───── SUPPLIED RECORDS ─────

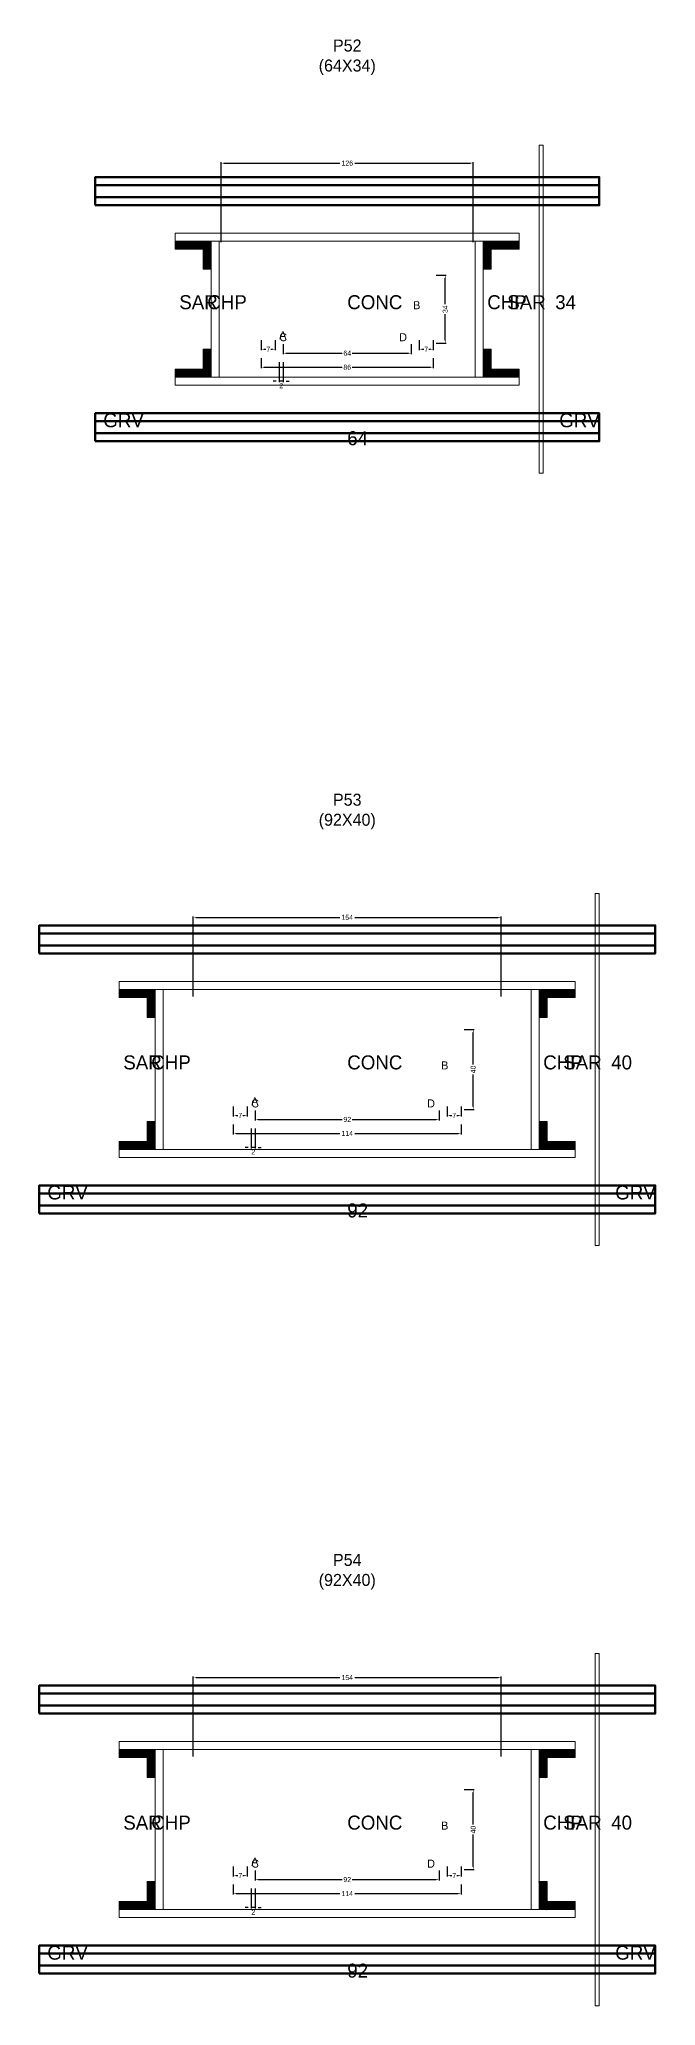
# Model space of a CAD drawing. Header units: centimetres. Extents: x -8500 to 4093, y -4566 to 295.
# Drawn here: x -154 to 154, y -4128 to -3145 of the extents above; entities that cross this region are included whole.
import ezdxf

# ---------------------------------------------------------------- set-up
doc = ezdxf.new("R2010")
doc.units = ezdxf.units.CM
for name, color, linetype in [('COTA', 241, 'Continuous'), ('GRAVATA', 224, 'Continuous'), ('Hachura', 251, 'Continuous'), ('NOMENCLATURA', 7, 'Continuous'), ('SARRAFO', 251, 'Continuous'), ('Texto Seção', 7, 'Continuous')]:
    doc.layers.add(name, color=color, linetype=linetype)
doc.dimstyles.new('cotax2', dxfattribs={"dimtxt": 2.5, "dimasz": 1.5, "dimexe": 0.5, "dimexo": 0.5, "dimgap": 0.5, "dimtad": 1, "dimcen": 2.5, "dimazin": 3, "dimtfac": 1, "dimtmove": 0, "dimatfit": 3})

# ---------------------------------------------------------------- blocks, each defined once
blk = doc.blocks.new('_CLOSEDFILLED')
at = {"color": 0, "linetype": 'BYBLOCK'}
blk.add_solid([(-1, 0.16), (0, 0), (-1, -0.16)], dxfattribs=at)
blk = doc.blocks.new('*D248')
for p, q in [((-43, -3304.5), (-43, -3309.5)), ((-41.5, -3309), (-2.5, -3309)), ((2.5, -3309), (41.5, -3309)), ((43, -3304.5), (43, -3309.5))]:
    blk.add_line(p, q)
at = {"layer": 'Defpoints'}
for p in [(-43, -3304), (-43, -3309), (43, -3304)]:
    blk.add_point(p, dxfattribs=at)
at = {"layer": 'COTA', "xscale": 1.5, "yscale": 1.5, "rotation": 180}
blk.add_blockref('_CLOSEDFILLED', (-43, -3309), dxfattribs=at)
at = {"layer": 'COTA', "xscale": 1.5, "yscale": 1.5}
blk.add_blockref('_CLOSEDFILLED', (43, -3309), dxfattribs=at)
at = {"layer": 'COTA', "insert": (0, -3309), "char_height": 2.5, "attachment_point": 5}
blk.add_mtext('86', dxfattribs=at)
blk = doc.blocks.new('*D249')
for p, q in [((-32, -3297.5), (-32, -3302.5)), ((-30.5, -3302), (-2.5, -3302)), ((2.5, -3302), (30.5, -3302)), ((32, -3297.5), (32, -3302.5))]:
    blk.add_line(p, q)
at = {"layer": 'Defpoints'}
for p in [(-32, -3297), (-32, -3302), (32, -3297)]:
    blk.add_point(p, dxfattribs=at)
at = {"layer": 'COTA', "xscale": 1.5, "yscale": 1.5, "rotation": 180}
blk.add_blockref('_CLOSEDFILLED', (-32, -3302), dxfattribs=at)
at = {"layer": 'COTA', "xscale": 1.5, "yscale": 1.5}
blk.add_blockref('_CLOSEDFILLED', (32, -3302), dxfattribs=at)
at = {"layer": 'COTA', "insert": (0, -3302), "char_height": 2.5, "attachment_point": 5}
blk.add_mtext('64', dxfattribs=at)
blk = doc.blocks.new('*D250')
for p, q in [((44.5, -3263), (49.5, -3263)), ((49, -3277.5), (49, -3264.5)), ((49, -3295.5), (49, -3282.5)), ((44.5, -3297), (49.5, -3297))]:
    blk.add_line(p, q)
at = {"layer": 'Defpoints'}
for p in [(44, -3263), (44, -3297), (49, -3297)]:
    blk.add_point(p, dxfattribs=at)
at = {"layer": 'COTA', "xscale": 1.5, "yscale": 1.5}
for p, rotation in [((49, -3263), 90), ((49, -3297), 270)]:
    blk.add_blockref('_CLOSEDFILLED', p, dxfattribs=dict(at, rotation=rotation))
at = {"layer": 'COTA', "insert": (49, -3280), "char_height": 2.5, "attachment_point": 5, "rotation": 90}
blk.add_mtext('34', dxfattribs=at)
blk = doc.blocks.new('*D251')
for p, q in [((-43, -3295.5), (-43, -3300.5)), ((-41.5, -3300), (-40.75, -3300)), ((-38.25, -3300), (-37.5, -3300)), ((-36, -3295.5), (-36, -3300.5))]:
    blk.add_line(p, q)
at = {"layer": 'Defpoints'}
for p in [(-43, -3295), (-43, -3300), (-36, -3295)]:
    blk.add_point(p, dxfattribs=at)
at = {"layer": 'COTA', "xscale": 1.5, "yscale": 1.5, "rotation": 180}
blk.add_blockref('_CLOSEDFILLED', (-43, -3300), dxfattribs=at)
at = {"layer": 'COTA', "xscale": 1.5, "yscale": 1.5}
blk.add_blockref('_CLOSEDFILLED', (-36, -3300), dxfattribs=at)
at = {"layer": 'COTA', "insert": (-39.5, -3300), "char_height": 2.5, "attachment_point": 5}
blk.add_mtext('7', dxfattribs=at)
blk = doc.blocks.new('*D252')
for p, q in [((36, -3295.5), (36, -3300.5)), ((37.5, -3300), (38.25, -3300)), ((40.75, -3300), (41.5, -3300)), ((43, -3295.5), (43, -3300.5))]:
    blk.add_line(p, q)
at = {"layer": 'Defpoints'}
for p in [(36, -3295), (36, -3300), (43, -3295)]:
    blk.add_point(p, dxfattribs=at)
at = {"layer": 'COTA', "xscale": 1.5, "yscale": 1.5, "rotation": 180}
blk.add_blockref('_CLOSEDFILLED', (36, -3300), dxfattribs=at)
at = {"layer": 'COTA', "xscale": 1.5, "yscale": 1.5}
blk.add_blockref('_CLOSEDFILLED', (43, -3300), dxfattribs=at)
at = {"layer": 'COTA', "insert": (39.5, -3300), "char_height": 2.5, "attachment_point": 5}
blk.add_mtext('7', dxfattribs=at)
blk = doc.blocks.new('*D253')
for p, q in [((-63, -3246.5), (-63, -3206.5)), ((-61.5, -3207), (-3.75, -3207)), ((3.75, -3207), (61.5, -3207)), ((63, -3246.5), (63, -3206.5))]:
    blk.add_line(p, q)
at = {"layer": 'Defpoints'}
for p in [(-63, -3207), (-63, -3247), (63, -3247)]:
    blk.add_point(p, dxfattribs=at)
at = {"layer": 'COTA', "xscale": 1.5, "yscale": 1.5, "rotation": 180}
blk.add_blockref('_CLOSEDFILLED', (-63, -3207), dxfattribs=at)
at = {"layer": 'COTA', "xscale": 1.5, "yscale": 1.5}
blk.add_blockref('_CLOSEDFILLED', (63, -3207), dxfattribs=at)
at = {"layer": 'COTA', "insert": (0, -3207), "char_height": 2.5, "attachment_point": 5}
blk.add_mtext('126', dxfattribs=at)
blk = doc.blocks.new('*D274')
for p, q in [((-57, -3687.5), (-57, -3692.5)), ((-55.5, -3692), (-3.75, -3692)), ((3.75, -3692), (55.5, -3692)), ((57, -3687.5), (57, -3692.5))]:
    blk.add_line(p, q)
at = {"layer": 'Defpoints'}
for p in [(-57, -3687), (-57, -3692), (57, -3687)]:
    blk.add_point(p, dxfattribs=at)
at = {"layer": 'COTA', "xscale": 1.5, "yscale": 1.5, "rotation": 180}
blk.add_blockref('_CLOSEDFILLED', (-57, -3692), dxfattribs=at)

─────

**TASK OBJECTIVE:** Start at the first line and set down all of the data exactly, passing over the pictures.

**WORKED SOLUTION:**
# Model space of a CAD drawing. Header units: centimetres. Extents: x -8500 to 4093, y -4566 to 295.
# Drawn here: x -154 to 154, y -4128 to -3145 of the extents above; entities that cross this region are included whole.
import ezdxf

# ---------------------------------------------------------------- set-up
doc = ezdxf.new("R2010")
doc.units = ezdxf.units.CM
for name, color, linetype in [('COTA', 241, 'Continuous'), ('GRAVATA', 224, 'Continuous'), ('Hachura', 251, 'Continuous'), ('NOMENCLATURA', 7, 'Continuous'), ('SARRAFO', 251, 'Continuous'), ('Texto Seção', 7, 'Continuous')]:
    doc.layers.add(name, color=color, linetype=linetype)
doc.dimstyles.new('cotax2', dxfattribs={"dimtxt": 2.5, "dimasz": 1.5, "dimexe": 0.5, "dimexo": 0.5, "dimgap": 0.5, "dimtad": 1, "dimcen": 2.5, "dimazin": 3, "dimtfac": 1, "dimtmove": 0, "dimatfit": 3})

# ---------------------------------------------------------------- blocks, each defined once
blk = doc.blocks.new('_CLOSEDFILLED')
at = {"color": 0, "linetype": 'BYBLOCK'}
blk.add_solid([(-1, 0.16), (0, 0), (-1, -0.16)], dxfattribs=at)
blk = doc.blocks.new('*D248')
for p, q in [((-43, -3304.5), (-43, -3309.5)), ((-41.5, -3309), (-2.5, -3309)), ((2.5, -3309), (41.5, -3309)), ((43, -3304.5), (43, -3309.5))]:
    blk.add_line(p, q)
at = {"layer": 'Defpoints'}
for p in [(-43, -3304), (-43, -3309), (43, -3304)]:
    blk.add_point(p, dxfattribs=at)
at = {"layer": 'COTA', "xscale": 1.5, "yscale": 1.5, "rotation": 180}
blk.add_blockref('_CLOSEDFILLED', (-43, -3309), dxfattribs=at)
at = {"layer": 'COTA', "xscale": 1.5, "yscale": 1.5}
blk.add_blockref('_CLOSEDFILLED', (43, -3309), dxfattribs=at)
at = {"layer": 'COTA', "insert": (0, -3309), "char_height": 2.5, "attachment_point": 5}
blk.add_mtext('86', dxfattribs=at)
blk = doc.blocks.new('*D249')
for p, q in [((-32, -3297.5), (-32, -3302.5)), ((-30.5, -3302), (-2.5, -3302)), ((2.5, -3302), (30.5, -3302)), ((32, -3297.5), (32, -3302.5))]:
    blk.add_line(p, q)
at = {"layer": 'Defpoints'}
for p in [(-32, -3297), (-32, -3302), (32, -3297)]:
    blk.add_point(p, dxfattribs=at)
at = {"layer": 'COTA', "xscale": 1.5, "yscale": 1.5, "rotation": 180}
blk.add_blockref('_CLOSEDFILLED', (-32, -3302), dxfattribs=at)
at = {"layer": 'COTA', "xscale": 1.5, "yscale": 1.5}
blk.add_blockref('_CLOSEDFILLED', (32, -3302), dxfattribs=at)
at = {"layer": 'COTA', "insert": (0, -3302), "char_height": 2.5, "attachment_point": 5}
blk.add_mtext('64', dxfattribs=at)
blk = doc.blocks.new('*D250')
for p, q in [((44.5, -3263), (49.5, -3263)), ((49, -3277.5), (49, -3264.5)), ((49, -3295.5), (49, -3282.5)), ((44.5, -3297), (49.5, -3297))]:
    blk.add_line(p, q)
at = {"layer": 'Defpoints'}
for p in [(44, -3263), (44, -3297), (49, -3297)]:
    blk.add_point(p, dxfattribs=at)
at = {"layer": 'COTA', "xscale": 1.5, "yscale": 1.5}
for p, rotation in [((49, -3263), 90), ((49, -3297), 270)]:
    blk.add_blockref('_CLOSEDFILLED', p, dxfattribs=dict(at, rotation=rotation))
at = {"layer": 'COTA', "insert": (49, -3280), "char_height": 2.5, "attachment_point": 5, "rotation": 90}
blk.add_mtext('34', dxfattribs=at)
blk = doc.blocks.new('*D251')
for p, q in [((-43, -3295.5), (-43, -3300.5)), ((-41.5, -3300), (-40.75, -3300)), ((-38.25, -3300), (-37.5, -3300)), ((-36, -3295.5), (-36, -3300.5))]:
    blk.add_line(p, q)
at = {"layer": 'Defpoints'}
for p in [(-43, -3295), (-43, -3300), (-36, -3295)]:
    blk.add_point(p, dxfattribs=at)
at = {"layer": 'COTA', "xscale": 1.5, "yscale": 1.5, "rotation": 180}
blk.add_blockref('_CLOSEDFILLED', (-43, -3300), dxfattribs=at)
at = {"layer": 'COTA', "xscale": 1.5, "yscale": 1.5}
blk.add_blockref('_CLOSEDFILLED', (-36, -3300), dxfattribs=at)
at = {"layer": 'COTA', "insert": (-39.5, -3300), "char_height": 2.5, "attachment_point": 5}
blk.add_mtext('7', dxfattribs=at)
blk = doc.blocks.new('*D252')
for p, q in [((36, -3295.5), (36, -3300.5)), ((37.5, -3300), (38.25, -3300)), ((40.75, -3300), (41.5, -3300)), ((43, -3295.5), (43, -3300.5))]:
    blk.add_line(p, q)
at = {"layer": 'Defpoints'}
for p in [(36, -3295), (36, -3300), (43, -3295)]:
    blk.add_point(p, dxfattribs=at)
at = {"layer": 'COTA', "xscale": 1.5, "yscale": 1.5, "rotation": 180}
blk.add_blockref('_CLOSEDFILLED', (36, -3300), dxfattribs=at)
at = {"layer": 'COTA', "xscale": 1.5, "yscale": 1.5}
blk.add_blockref('_CLOSEDFILLED', (43, -3300), dxfattribs=at)
at = {"layer": 'COTA', "insert": (39.5, -3300), "char_height": 2.5, "attachment_point": 5}
blk.add_mtext('7', dxfattribs=at)
blk = doc.blocks.new('*D253')
for p, q in [((-63, -3246.5), (-63, -3206.5)), ((-61.5, -3207), (-3.75, -3207)), ((3.75, -3207), (61.5, -3207)), ((63, -3246.5), (63, -3206.5))]:
    blk.add_line(p, q)
at = {"layer": 'Defpoints'}
for p in [(-63, -3207), (-63, -3247), (63, -3247)]:
    blk.add_point(p, dxfattribs=at)
at = {"layer": 'COTA', "xscale": 1.5, "yscale": 1.5, "rotation": 180}
blk.add_blockref('_CLOSEDFILLED', (-63, -3207), dxfattribs=at)
at = {"layer": 'COTA', "xscale": 1.5, "yscale": 1.5}
blk.add_blockref('_CLOSEDFILLED', (63, -3207), dxfattribs=at)
at = {"layer": 'COTA', "insert": (0, -3207), "char_height": 2.5, "attachment_point": 5}
blk.add_mtext('126', dxfattribs=at)
blk = doc.blocks.new('*D274')
for p, q in [((-57, -3687.5), (-57, -3692.5)), ((-55.5, -3692), (-3.75, -3692)), ((3.75, -3692), (55.5, -3692)), ((57, -3687.5), (57, -3692.5))]:
    blk.add_line(p, q)
at = {"layer": 'Defpoints'}
for p in [(-57, -3687), (-57, -3692), (57, -3687)]:
    blk.add_point(p, dxfattribs=at)
at = {"layer": 'COTA', "xscale": 1.5, "yscale": 1.5, "rotation": 180}
blk.add_blockref('_CLOSEDFILLED', (-57, -3692), dxfattribs=at)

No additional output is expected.